Data Science and Machine Learning Can Help Enterprises Keep Pace with Faster and More Automated Cyber Threats
In a recent column, I discussed the importance of separating the hype from reality around data science and cybersecurity.
This time around, I want to dive into where data science is headed and how you can begin incorporating it into your security practice. To do so, I’ll introduce a little theory and then reinforce that theory with some real-world examples from information security.
Learning from experience
Last week, AlphaGo, the brainchild of Google’s DeepMind, succeeded in besting one of the world’s top human players of the game Go. This is significant for a few reasons.
First, Go is a particularly complex game – an actual googol more complex that chess according to, ahem…Google. This complexity caused most AI experts to believe that beating a top human player was more than a decade away.

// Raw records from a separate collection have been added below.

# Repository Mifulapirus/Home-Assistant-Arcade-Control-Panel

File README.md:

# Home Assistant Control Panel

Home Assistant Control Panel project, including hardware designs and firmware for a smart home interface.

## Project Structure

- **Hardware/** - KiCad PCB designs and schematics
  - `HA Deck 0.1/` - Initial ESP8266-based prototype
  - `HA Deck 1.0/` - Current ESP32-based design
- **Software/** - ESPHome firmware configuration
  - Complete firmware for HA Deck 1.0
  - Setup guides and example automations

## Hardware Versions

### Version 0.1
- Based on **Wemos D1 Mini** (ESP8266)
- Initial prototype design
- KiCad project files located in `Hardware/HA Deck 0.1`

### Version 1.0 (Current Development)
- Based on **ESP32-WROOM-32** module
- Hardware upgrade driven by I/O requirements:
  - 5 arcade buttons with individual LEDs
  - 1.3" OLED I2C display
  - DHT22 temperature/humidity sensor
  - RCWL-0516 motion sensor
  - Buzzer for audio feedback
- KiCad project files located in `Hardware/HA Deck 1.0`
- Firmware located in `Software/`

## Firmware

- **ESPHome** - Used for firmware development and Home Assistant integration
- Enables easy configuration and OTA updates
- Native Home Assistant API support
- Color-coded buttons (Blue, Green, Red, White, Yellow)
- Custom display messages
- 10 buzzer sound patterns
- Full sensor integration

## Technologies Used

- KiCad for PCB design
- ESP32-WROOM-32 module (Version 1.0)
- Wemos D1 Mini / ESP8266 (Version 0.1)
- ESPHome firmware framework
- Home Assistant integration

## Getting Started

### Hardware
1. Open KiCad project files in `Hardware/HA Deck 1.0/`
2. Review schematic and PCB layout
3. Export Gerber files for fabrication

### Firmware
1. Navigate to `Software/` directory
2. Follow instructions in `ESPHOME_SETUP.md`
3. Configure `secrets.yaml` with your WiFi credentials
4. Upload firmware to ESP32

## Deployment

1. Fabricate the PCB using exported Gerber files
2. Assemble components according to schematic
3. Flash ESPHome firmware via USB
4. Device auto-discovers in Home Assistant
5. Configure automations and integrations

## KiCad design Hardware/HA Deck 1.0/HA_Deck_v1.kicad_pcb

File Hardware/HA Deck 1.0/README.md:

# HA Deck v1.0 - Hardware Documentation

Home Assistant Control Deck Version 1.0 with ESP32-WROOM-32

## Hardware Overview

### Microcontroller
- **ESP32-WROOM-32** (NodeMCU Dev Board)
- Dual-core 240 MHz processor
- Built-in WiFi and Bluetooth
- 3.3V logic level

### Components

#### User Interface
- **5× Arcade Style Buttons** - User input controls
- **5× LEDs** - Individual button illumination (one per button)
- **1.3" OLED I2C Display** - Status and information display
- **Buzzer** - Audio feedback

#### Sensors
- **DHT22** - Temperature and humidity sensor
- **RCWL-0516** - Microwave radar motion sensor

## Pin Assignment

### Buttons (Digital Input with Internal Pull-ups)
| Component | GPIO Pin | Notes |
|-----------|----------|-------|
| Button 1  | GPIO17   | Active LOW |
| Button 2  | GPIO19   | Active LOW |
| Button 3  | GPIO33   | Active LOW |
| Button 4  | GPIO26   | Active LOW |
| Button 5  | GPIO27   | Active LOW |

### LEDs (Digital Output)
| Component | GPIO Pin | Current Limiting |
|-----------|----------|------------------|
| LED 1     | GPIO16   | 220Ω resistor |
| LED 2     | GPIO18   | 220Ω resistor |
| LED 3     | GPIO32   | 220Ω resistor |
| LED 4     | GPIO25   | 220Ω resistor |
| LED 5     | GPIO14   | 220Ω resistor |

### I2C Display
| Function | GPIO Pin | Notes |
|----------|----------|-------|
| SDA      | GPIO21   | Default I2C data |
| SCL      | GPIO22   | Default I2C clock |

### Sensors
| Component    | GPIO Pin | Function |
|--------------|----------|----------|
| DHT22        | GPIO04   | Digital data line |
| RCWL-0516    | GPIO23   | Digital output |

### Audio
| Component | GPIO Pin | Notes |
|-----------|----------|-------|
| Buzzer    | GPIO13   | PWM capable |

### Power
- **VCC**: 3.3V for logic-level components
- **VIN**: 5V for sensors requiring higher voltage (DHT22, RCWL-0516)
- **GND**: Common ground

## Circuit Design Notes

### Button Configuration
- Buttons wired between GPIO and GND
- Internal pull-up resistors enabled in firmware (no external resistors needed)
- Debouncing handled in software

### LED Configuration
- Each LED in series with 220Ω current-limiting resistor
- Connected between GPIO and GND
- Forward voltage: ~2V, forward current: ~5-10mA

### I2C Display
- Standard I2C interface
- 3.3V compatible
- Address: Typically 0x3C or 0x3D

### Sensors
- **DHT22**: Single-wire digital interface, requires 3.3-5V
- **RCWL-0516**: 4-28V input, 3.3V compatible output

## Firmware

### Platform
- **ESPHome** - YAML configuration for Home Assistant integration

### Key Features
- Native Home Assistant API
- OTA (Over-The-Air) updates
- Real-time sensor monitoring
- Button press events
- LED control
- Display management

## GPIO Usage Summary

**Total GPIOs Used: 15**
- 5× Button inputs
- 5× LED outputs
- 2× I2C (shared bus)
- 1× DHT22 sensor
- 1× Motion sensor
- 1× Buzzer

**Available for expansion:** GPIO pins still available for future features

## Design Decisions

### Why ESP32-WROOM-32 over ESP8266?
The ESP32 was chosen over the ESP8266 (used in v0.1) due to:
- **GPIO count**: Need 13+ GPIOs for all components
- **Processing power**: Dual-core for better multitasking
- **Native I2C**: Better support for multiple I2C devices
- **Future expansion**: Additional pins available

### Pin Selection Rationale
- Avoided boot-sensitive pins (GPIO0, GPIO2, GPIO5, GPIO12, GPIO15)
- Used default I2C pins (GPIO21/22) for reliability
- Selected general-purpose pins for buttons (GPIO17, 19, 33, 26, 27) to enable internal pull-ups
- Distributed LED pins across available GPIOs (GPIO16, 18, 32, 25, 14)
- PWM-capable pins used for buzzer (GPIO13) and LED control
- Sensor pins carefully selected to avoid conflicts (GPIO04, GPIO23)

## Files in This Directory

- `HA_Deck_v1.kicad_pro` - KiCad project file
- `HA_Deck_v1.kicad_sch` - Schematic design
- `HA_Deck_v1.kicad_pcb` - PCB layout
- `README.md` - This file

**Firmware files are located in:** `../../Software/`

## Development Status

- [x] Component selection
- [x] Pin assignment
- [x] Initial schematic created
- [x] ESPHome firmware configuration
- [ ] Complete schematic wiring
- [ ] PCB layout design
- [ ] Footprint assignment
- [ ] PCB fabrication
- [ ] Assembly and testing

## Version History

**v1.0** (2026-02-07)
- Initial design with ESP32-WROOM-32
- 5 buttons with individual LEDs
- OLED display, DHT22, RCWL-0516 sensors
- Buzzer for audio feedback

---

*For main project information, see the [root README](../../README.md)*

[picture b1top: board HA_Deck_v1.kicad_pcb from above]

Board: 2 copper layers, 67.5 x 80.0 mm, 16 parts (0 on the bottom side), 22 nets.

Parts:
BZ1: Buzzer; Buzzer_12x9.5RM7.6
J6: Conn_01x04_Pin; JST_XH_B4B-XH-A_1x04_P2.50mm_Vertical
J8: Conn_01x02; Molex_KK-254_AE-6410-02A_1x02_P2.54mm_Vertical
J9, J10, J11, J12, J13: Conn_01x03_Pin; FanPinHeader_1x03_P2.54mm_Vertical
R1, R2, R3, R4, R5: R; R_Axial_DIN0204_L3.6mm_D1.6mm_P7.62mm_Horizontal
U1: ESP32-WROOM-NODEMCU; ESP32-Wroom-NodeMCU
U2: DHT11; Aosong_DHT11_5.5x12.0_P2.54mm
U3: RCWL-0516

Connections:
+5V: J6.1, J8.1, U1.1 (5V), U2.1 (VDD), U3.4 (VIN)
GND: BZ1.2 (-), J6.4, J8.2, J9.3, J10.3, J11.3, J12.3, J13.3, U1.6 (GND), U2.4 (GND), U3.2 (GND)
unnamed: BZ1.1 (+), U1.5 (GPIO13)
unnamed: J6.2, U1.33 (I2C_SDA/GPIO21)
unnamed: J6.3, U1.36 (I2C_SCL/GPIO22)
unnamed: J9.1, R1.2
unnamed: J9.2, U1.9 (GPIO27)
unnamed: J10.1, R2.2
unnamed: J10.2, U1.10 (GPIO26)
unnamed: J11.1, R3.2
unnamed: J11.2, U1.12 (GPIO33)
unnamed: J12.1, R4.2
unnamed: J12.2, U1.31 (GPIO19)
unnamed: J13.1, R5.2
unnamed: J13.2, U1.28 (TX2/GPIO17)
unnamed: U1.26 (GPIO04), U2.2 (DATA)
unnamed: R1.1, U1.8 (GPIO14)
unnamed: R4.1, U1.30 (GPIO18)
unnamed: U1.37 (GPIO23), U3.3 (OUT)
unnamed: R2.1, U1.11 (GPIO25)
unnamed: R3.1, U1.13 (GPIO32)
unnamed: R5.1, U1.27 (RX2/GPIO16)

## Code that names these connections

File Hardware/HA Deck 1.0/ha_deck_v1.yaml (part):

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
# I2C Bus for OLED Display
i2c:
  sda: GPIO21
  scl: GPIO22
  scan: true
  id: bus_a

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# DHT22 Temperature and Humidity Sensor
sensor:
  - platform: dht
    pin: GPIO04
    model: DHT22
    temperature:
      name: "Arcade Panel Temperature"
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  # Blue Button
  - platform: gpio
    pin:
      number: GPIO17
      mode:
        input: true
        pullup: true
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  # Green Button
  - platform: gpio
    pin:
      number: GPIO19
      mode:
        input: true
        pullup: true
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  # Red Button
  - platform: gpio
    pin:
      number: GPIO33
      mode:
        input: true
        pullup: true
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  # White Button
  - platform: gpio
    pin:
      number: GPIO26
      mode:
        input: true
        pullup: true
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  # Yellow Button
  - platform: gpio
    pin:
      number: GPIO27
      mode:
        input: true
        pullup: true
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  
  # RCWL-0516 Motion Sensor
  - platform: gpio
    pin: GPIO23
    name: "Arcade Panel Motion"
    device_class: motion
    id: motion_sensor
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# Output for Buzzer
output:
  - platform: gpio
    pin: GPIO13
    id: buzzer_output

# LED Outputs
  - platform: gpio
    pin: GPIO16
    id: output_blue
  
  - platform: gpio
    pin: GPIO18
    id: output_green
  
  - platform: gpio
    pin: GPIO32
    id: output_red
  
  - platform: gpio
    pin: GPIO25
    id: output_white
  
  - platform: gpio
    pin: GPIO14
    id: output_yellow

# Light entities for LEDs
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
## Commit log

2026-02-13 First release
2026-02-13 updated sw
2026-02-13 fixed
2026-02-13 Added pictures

However, what is potentially more important is how the approach of AlphaGo differed from other previous approaches to AI. The team at DeepMind focused on developing generalized learning.
Instead of directly programming the solution to a complex problem, AlphaGo was designed to learn from data over time. Instead of being programmed with the answer, AlphaGo continuously learns and adapts from experience.
Going beyond the assembly line
This concept of iterative learning is crucial because machine learning is being used to make a similar change in information security. For many years, security products behaved like an assembly line when detecting threats.
A known process would be developed and then replicated at scale. As part of this process, products were programmed with the patterns of known threats, and the solution would dutifully scan the mountains of traffic in search of a match.
However, much like earlier attempts to teach computers to play games, this rigid, pre-programmed approach is easily defeated when facing an intelligent and adaptable adversary.
Data science and machine learning turns this model on its head. Instead of needing to have the answer, software can now learn from the data. Today’s machine learning models assess large groups of threats to find the subtle traits they have in common. These are hidden connections that are not obvious using human analysis.
For example, attackers constantly move their command-and-control servers to new domains and cycle through new IP addresses to stay ahead of reputation lists. But in the midst of this constant flux, machine learning models can successfully detect the underlying patterns of command-and-control behavior.
Different models have been able to highly accurately identify command-and-control traffic in the absence of any reputation or signature. This concept has likewise been successfully extended to finding specific malware communications such as malware receiving instructions or receiving an executable update. And much like AlphaGo, these models can be constantly trained with new data sets to find new trends or behaviors in attack traffic.
Just as important, these techniques are highly portable so security models can be trained in a local environment. These “unsupervised” machine learning models analyze and baseline local traffic to expose deviations. This type of analysis is instrumental at revealing devices that behave strangely and are compromised by malware.
Turning machines against machines
AI is often cast as the villain in pop culture, which is ironic because machines have proven to be some of the best resources for detecting and fighting other machines. This is a significant development because machine-based security is required to keep up with the rate and scale of machine-based threats.
As a case in point, malware often makes use of Domain Generation Algorithms (DGAs) to stay on the move and ahead of signatures. The constant avalanche of new URLs makes it impractical for human analysts to manually track and evaluate each new domain.
However, data science models are proving to be adept at recognizing these machine-generated domains. This has allowed organizations to protect themselves from malware while also lifting a huge burden from human analysts.
Conversely, the task of finding a human masquerading as a machine is equally essential. Remote Access Tools (RATs) are indispensable components of targeted attacks because they give remote human attackers real-time control over internal devices.
To circumvent firewall rules, RATs will connect from the inside out to the external human attacker. RATs want to appear as a normal end-user connecting to an external server. In reality, the roles are reversed with the bot on the inside and the human on the outside.
But by applying data science to the connection, threat detection solutions can see what’s really going on and expose the presence of a remote attacker. This can be done by watching the cadence of the conversation and distinguishing automated versus human behaviors.
These examples show how data science and machine learning are changing the world of information security. And while AlphaGo and other AI developments may win board games, cybersecurity’s high stakes involves playing for keeps.
Today, data science and machine learning are essential everyday tools that can help you keep pace with faster and more automated threats. As their individual techniques continue to evolve at a rapid clip, it’s important as security professionals to understand how we can use these technologies in everyday practice.